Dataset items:
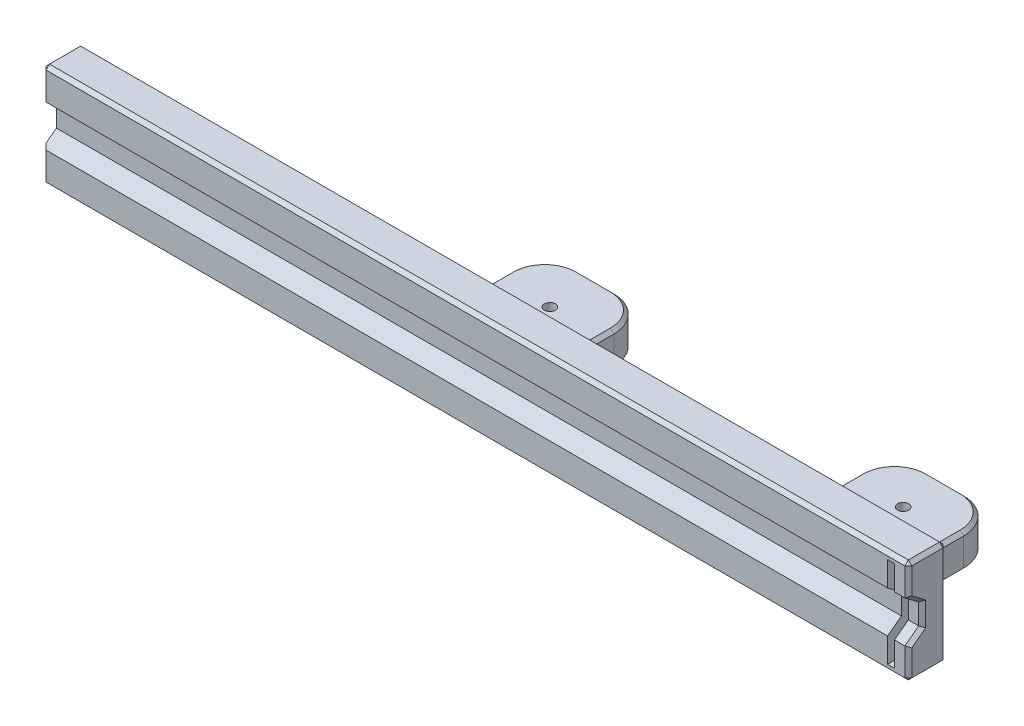
SolidWorks part; units mm, degrees
ref_plane "前基準面" through (0, 0, 0) normal (0, 0, 1) x (1, 0, 0)
ref_plane "上基準面" through (0, 0, 0) normal (0, 1, 0) x (1, 0, 0)
ref_plane "右基準面" through (0, 0, 0) normal (1, 0, 0) x (0, 0, -1)
sketch "草圖1" plane through (0, 0, 0) normal (0, 0, 1) x (1, 0, 0)
  line L0 (0, 0) -> (250, 0)
  line L1 (250, 0) -> (250, 30)
  line L2 (250, 30) -> (0, 30)
  line L3 (0, 30) -> (0, 0)
  dimension "D1" = 30
  dimension "D2" = 250
extrude "填料-伸長1" add sketch "草圖1" along normal blind 11
sketch "草圖4" plane through (0, 0, 0) normal (0, 0, -1) x (-1, 0, 0)
  line L0 (-250, 15) -> (0, 15)
  line L1 (-250, 0) -> (-250, 30) construction
  line L2 (0, 30) -> (0, 0) construction
  line L3 (-124, 30) -> (-124, 0)
  line L6 (-139, 15) -> (-125, 15)
  line L7 (-125, 15) -> (-109, 15)
  line L8 (-139, 15) -> (-139, 20)
  line L9 (-139, 20) -> (-109, 20)
  line L10 (-109, 20) -> (-109, 15)
  line L11 (-139, 15) -> (-139, 10)
  line L12 (-139, 10) -> (-124, 10)
  line L13 (-124, 10) -> (-109, 10)
  line L14 (-109, 10) -> (-109, 15)
  line L16 (-164.6389, 10) -> (-194.6389, 10)
  line L17 (-164.6389, 10) -> (-164.6389, 20)
  line L18 (-164.6389, 20) -> (-194.6389, 20)
  line L19 (-194.6389, 10) -> (-194.6389, 20)
  line L20 (-164.6389, 10) -> (-194.6389, 20) construction
  line L21 (-164.6389, 20) -> (-194.6389, 10) construction
  point P17 (-179.6389, 15)
  dimension "D1" = 15
  dimension "D2" = 15
  dimension "D3" = 5
  dimension "D4" = 5
  dimension "D5" = 10
  dimension "D6" = 30
  dimension "D7" = 126
extrude "填料-伸長2" add sketch "草圖4" along normal blind 25 contours L11 L12 L3 L0 | L9 L8 L0 L3 | L10 L9 L3 L0 | L13 L14 L0 L3 region at (131.5, 17.5, 0) region at (131.5, 12.5, 0) region at (116.5, 17.5, 0) region at (116.5, 12.5, 0)
sketch "草圖5" plane through (250, 0, 0) normal (1, 0, 0) x (0, 0, -1)
  line L0 (-11, 30) -> (-11, 21)
  line L1 (-11, 0) -> (-11, 30) construction
  line L2 (-7, 15) -> (-7, 12)
  line L3 (-7, 15) -> (-7, 18)
  line L4 (-7, 18) -> (-11, 21)
  line L5 (-11, 9) -> (-11, 0)
  line L6 (-11, 15) -> (0, 15)
  line L7 (0, 30) -> (0, 0) construction
  line L8 (-7, 12) -> (-11, 9)
  line L9 (-11, 9) -> (-11, 21)
  line M6 (-11, 30) -> (-11, 0)
  dimension "D1" = 12
  dimension "D2" = 30
  dimension "D3" = 6
  dimension "D4" = 3
  dimension "D5" = 3
  dimension "D6" = 4
extrude "除料-伸長2" cut sketch "草圖5" against normal through all contours L6 L3 L4 M6 | L8 L2 L6 M6 region at (250, 17.3333, 9.2222) region at (250, 12.6667, 9.2222)
sketch "草圖9" plane through (0, 0, 0) normal (0, 0, -1) x (-1, 0, 0)
  line L1 (-194.6389, 20) -> (-164.6389, 20)
  line L2 (-194.6389, 20) -> (-194.6389, 10)
  line L3 (-194.6389, 10) -> (-164.6389, 10)
  line L4 (-164.6389, 20) -> (-164.6389, 10)
  line L5 (-194.6389, 20) -> (-164.6389, 10) construction
  line L6 (-194.6389, 10) -> (-164.6389, 20) construction
  point P0 (-179.6389, 15)
sketch "草圖11" plane through (0, 0, 0) normal (0, 0, -1) x (-1, 0, 0)
  line L0 (-125, 15) -> (-225, 15)
  line L1 (-250, 15) -> (0, 15) construction
  line L3 (-240, 10) -> (-210, 10)
  line L4 (-240, 10) -> (-240, 20)
  line L5 (-240, 20) -> (-210, 20)
  line L6 (-210, 10) -> (-210, 20)
  line L7 (-240, 10) -> (-210, 20) construction
  line L8 (-240, 20) -> (-210, 10) construction
  dimension "D1" = 100
  dimension "D2" = 10
  dimension "D3" = 30
extrude "填料-伸長4" add sketch "草圖11" along normal blind 25 contours L3 L6 L5 L4 region at (239.6838, 15, 0)
sketch "草圖12" plane through (0, 20, 0) normal (0, 1, 0) x (1, 0, 0)
  line L0 (240, 12.5) -> (210, 12.5)
  line L1 (240, 25) -> (240, 0) construction
  line L2 (210, 25) -> (210, 0) construction
  line L3 (0, 0) -> (250, 0) construction
  circle A0 centre (225, 12.5) radius 1.6
  dimension "D1" = 3.2
  dimension "D2" = 12.5
extrude "除料-伸長5" cut sketch "草圖12" against normal through all contours A0
fillet "圓角1" radius 10 4 edges at (109, 15, -25) (139, 15, -25) (210, 15, -25) (240, 15, -25)
sketch "草圖13" plane through (0, 0, 11) normal (0, 0, 1) x (1, 0, 0)
  line L1 (244, 28.1) -> (246, 28.1)
  line L2 (244, 28.1) -> (244, 1.9)
  line L3 (244, 1.9) -> (246, 1.9)
  line L4 (246, 28.1) -> (246, 1.9)
  line L5 (250, 15) -> (0, 15) construction
  line L6 (250, 0) -> (250, 30) construction
  dimension "D1" = 2
  dimension "D2" = 26.2
  dimension "D3" = 13.1
  dimension "D4" = 4
extrude "除料-伸長6" cut sketch "草圖13" against normal through all
chamfer "導角1" distance 1 angle 45 45 edges at (250, 15, 0) (250, 30, 5.5) (250, 0, 5.5) (125, 30, 11) (125, 0, 11) (0, 30, 5.5) (125, 30, 0) (125, 0, 0) (0, 15, 0) (0, 0, 5.5) (225, 10, -25) (225, 20, -25) (212.9289, 20, -22.0711) (212.9289, 10, -22.0711) (237.0711, 10, -22.0711) (237.0711, 20, -22.0711) (225, 20, 0) (210, 20, -7.5) (210, 15, 0) (210, 10, -7.5) (225, 10, 0) (240, 10, -7.5) (240, 15, 0) (240, 20, -7.5) (124, 20, -25) (124, 10, -25) (111.9289, 20, -22.0711) (111.9289, 10, -22.0711) (136.0711, 20, -22.0711) (136.0711, 10, -22.0711) (109, 20, -7.5) (124, 10, 0) (109, 10, -7.5) (109, 15, 0) (124, 20, 0) (139, 20, -7.5) (139, 15, 0) (139, 10, -7.5) (250, 4.5, 11) (250, 10.5, 9) (250, 15, 7) (250, 19.5, 9) (250, 25.5, 11) (0, 25.5, 11) (0, 4.5, 11)
sketch "草圖15" plane through (0, 10, 0) normal (0, -1, 0) x (1, 0, 0)
  line L0 (1, 1) -> (249, 1) construction
  line L1 (139, -1) -> (139, -15) construction
  circle A0 centre (124, -11.5) radius 1.6
  point P6 (134.1657, -10.7605)
  dimension "D1" = 12.5
  dimension "D3" = 3.2
  dimension "D2" = 15
extrude "除料-伸長7" cut sketch "草圖15" against normal through all both and the other way through all contours A0

◆ What you will do
Print the records above verbatim, minus any pictures.

◆ The answer
SolidWorks part; units mm, degrees
ref_plane "前基準面" through (0, 0, 0) normal (0, 0, 1) x (1, 0, 0)
ref_plane "上基準面" through (0, 0, 0) normal (0, 1, 0) x (1, 0, 0)
ref_plane "右基準面" through (0, 0, 0) normal (1, 0, 0) x (0, 0, -1)
sketch "草圖1" plane through (0, 0, 0) normal (0, 0, 1) x (1, 0, 0)
  line L0 (0, 0) -> (250, 0)
  line L1 (250, 0) -> (250, 30)
  line L2 (250, 30) -> (0, 30)
  line L3 (0, 30) -> (0, 0)
  dimension "D1" = 30
  dimension "D2" = 250
extrude "填料-伸長1" add sketch "草圖1" along normal blind 11
sketch "草圖4" plane through (0, 0, 0) normal (0, 0, -1) x (-1, 0, 0)
  line L0 (-250, 15) -> (0, 15)
  line L1 (-250, 0) -> (-250, 30) construction
  line L2 (0, 30) -> (0, 0) construction
  line L3 (-124, 30) -> (-124, 0)
  line L6 (-139, 15) -> (-125, 15)
  line L7 (-125, 15) -> (-109, 15)
  line L8 (-139, 15) -> (-139, 20)
  line L9 (-139, 20) -> (-109, 20)
  line L10 (-109, 20) -> (-109, 15)
  line L11 (-139, 15) -> (-139, 10)
  line L12 (-139, 10) -> (-124, 10)
  line L13 (-124, 10) -> (-109, 10)
  line L14 (-109, 10) -> (-109, 15)
  line L16 (-164.6389, 10) -> (-194.6389, 10)
  line L17 (-164.6389, 10) -> (-164.6389, 20)
  line L18 (-164.6389, 20) -> (-194.6389, 20)
  line L19 (-194.6389, 10) -> (-194.6389, 20)
  line L20 (-164.6389, 10) -> (-194.6389, 20) construction
  line L21 (-164.6389, 20) -> (-194.6389, 10) construction
  point P17 (-179.6389, 15)
  dimension "D1" = 15
  dimension "D2" = 15
  dimension "D3" = 5
  dimension "D4" = 5
  dimension "D5" = 10
  dimension "D6" = 30
  dimension "D7" = 126
extrude "填料-伸長2" add sketch "草圖4" along normal blind 25 contours L11 L12 L3 L0 | L9 L8 L0 L3 | L10 L9 L3 L0 | L13 L14 L0 L3 region at (131.5, 17.5, 0) region at (131.5, 12.5, 0) region at (116.5, 17.5, 0) region at (116.5, 12.5, 0)
sketch "草圖5" plane through (250, 0, 0) normal (1, 0, 0) x (0, 0, -1)
  line L0 (-11, 30) -> (-11, 21)
  line L1 (-11, 0) -> (-11, 30) construction
  line L2 (-7, 15) -> (-7, 12)
  line L3 (-7, 15) -> (-7, 18)
  line L4 (-7, 18) -> (-11, 21)
  line L5 (-11, 9) -> (-11, 0)
  line L6 (-11, 15) -> (0, 15)
  line L7 (0, 30) -> (0, 0) construction
  line L8 (-7, 12) -> (-11, 9)
  line L9 (-11, 9) -> (-11, 21)
  line M6 (-11, 30) -> (-11, 0)
  dimension "D1" = 12
  dimension "D2" = 30
  dimension "D3" = 6
  dimension "D4" = 3
  dimension "D5" = 3
  dimension "D6" = 4
extrude "除料-伸長2" cut sketch "草圖5" against normal through all contours L6 L3 L4 M6 | L8 L2 L6 M6 region at (250, 17.3333, 9.2222) region at (250, 12.6667, 9.2222)
sketch "草圖9" plane through (0, 0, 0) normal (0, 0, -1) x (-1, 0, 0)
  line L1 (-194.6389, 20) -> (-164.6389, 20)
  line L2 (-194.6389, 20) -> (-194.6389, 10)
  line L3 (-194.6389, 10) -> (-164.6389, 10)
  line L4 (-164.6389, 20) -> (-164.6389, 10)
  line L5 (-194.6389, 20) -> (-164.6389, 10) construction
  line L6 (-194.6389, 10) -> (-164.6389, 20) construction
  point P0 (-179.6389, 15)
sketch "草圖11" plane through (0, 0, 0) normal (0, 0, -1) x (-1, 0, 0)
  line L0 (-125, 15) -> (-225, 15)
  line L1 (-250, 15) -> (0, 15) construction
  line L3 (-240, 10) -> (-210, 10)
  line L4 (-240, 10) -> (-240, 20)
  line L5 (-240, 20) -> (-210, 20)
  line L6 (-210, 10) -> (-210, 20)
  line L7 (-240, 10) -> (-210, 20) construction
  line L8 (-240, 20) -> (-210, 10) construction
  dimension "D1" = 100
  dimension "D2" = 10
  dimension "D3" = 30
extrude "填料-伸長4" add sketch "草圖11" along normal blind 25 contours L3 L6 L5 L4 region at (239.6838, 15, 0)
sketch "草圖12" plane through (0, 20, 0) normal (0, 1, 0) x (1, 0, 0)
  line L0 (240, 12.5) -> (210, 12.5)
  line L1 (240, 25) -> (240, 0) construction
  line L2 (210, 25) -> (210, 0) construction
  line L3 (0, 0) -> (250, 0) construction
  circle A0 centre (225, 12.5) radius 1.6
  dimension "D1" = 3.2
  dimension "D2" = 12.5
extrude "除料-伸長5" cut sketch "草圖12" against normal through all contours A0
fillet "圓角1" radius 10 4 edges at (109, 15, -25) (139, 15, -25) (210, 15, -25) (240, 15, -25)
sketch "草圖13" plane through (0, 0, 11) normal (0, 0, 1) x (1, 0, 0)
  line L1 (244, 28.1) -> (246, 28.1)
  line L2 (244, 28.1) -> (244, 1.9)
  line L3 (244, 1.9) -> (246, 1.9)
  line L4 (246, 28.1) -> (246, 1.9)
  line L5 (250, 15) -> (0, 15) construction
  line L6 (250, 0) -> (250, 30) construction
  dimension "D1" = 2
  dimension "D2" = 26.2
  dimension "D3" = 13.1
  dimension "D4" = 4
extrude "除料-伸長6" cut sketch "草圖13" against normal through all
chamfer "導角1" distance 1 angle 45 45 edges at (250, 15, 0) (250, 30, 5.5) (250, 0, 5.5) (125, 30, 11) (125, 0, 11) (0, 30, 5.5) (125, 30, 0) (125, 0, 0) (0, 15, 0) (0, 0, 5.5) (225, 10, -25) (225, 20, -25) (212.9289, 20, -22.0711) (212.9289, 10, -22.0711) (237.0711, 10, -22.0711) (237.0711, 20, -22.0711) (225, 20, 0) (210, 20, -7.5) (210, 15, 0) (210, 10, -7.5) (225, 10, 0) (240, 10, -7.5) (240, 15, 0) (240, 20, -7.5) (124, 20, -25) (124, 10, -25) (111.9289, 20, -22.0711) (111.9289, 10, -22.0711) (136.0711, 20, -22.0711) (136.0711, 10, -22.0711) (109, 20, -7.5) (124, 10, 0) (109, 10, -7.5) (109, 15, 0) (124, 20, 0) (139, 20, -7.5) (139, 15, 0) (139, 10, -7.5) (250, 4.5, 11) (250, 10.5, 9) (250, 15, 7) (250, 19.5, 9) (250, 25.5, 11) (0, 25.5, 11) (0, 4.5, 11)
sketch "草圖15" plane through (0, 10, 0) normal (0, -1, 0) x (1, 0, 0)
  line L0 (1, 1) -> (249, 1) construction
  line L1 (139, -1) -> (139, -15) construction
  circle A0 centre (124, -11.5) radius 1.6
  point P6 (134.1657, -10.7605)
  dimension "D1" = 12.5
  dimension "D3" = 3.2
  dimension "D2" = 15
extrude "除料-伸長7" cut sketch "草圖15" against normal through all both and the other way through all contours A0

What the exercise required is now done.